__PROBLEM STATEMENT__
When a line below holds the string "styles", show that line.

__RECORDS SHOWN__

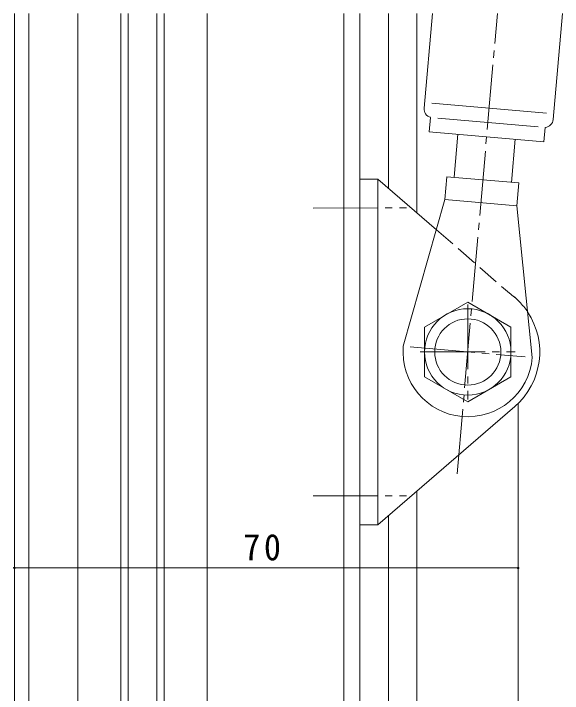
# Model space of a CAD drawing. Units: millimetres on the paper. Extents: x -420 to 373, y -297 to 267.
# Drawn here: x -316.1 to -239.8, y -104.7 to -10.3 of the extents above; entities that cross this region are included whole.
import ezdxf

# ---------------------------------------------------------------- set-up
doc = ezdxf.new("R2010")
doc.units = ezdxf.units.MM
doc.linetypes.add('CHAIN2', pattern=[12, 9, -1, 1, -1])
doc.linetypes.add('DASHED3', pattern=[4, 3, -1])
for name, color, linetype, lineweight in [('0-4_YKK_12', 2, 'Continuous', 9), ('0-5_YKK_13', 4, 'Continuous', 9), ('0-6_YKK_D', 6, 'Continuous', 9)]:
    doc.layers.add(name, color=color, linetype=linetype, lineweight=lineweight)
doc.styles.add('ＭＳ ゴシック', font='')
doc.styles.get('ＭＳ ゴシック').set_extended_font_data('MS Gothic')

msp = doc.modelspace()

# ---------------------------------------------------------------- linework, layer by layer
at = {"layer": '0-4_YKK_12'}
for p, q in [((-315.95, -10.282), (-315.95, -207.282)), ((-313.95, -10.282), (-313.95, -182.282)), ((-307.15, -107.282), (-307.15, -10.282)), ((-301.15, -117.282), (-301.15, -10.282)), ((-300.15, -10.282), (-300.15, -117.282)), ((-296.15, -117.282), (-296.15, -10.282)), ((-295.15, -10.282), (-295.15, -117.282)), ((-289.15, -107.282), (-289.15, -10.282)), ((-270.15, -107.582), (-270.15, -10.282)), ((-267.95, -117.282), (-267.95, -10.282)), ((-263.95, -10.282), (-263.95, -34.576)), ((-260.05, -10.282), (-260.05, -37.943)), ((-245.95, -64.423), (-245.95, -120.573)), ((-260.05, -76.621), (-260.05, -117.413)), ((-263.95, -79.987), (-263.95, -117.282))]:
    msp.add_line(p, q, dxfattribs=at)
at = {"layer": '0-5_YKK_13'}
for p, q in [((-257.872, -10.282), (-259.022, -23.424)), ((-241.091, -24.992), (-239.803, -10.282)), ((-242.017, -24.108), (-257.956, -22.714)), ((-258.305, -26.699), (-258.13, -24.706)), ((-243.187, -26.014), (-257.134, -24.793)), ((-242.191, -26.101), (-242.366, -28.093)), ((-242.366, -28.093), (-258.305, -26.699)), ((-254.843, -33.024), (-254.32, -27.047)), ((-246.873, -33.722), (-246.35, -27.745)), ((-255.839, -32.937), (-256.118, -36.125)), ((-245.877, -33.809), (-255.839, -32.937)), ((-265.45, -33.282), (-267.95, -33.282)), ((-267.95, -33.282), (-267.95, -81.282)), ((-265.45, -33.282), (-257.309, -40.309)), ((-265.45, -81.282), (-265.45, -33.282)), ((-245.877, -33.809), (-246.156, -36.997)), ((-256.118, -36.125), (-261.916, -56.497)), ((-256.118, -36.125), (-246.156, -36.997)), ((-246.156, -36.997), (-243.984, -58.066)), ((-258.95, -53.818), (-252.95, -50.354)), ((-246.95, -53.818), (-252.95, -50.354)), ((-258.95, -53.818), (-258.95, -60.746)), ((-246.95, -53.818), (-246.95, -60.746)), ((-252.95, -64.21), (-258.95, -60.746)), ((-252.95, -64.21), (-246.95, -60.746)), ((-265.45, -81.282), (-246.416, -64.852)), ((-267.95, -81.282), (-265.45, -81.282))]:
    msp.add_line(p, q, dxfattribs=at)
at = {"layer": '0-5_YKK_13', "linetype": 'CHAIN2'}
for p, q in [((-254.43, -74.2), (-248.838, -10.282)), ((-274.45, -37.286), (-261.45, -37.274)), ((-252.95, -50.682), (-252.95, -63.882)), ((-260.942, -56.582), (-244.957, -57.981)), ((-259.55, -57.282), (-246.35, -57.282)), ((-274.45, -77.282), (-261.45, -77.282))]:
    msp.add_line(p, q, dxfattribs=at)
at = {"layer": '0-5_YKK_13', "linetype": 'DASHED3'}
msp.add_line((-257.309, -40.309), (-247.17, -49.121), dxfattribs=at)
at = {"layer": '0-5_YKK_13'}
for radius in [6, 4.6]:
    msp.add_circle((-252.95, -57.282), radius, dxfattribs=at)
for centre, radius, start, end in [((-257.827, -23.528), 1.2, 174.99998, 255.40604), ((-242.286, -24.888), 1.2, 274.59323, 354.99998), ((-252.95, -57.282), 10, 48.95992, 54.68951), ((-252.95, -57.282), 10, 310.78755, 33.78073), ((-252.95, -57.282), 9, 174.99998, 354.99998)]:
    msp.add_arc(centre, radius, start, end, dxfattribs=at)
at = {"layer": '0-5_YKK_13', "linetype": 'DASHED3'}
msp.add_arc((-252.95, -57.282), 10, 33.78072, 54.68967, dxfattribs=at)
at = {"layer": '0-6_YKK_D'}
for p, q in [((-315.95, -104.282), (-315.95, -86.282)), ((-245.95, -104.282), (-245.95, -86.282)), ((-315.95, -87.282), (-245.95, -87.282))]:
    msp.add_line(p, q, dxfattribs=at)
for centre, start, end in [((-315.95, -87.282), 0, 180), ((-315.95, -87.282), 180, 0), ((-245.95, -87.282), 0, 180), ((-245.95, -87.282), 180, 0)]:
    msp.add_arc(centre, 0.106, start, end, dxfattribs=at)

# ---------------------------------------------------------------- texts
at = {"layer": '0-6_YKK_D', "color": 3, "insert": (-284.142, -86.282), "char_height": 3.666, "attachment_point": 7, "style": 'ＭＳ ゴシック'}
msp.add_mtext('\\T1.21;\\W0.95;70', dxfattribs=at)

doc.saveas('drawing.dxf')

__YOUR RESPONSE__
doc.styles.add('ＭＳ ゴシック', font='')
doc.styles.get('ＭＳ ゴシック').set_extended_font_data('MS Gothic')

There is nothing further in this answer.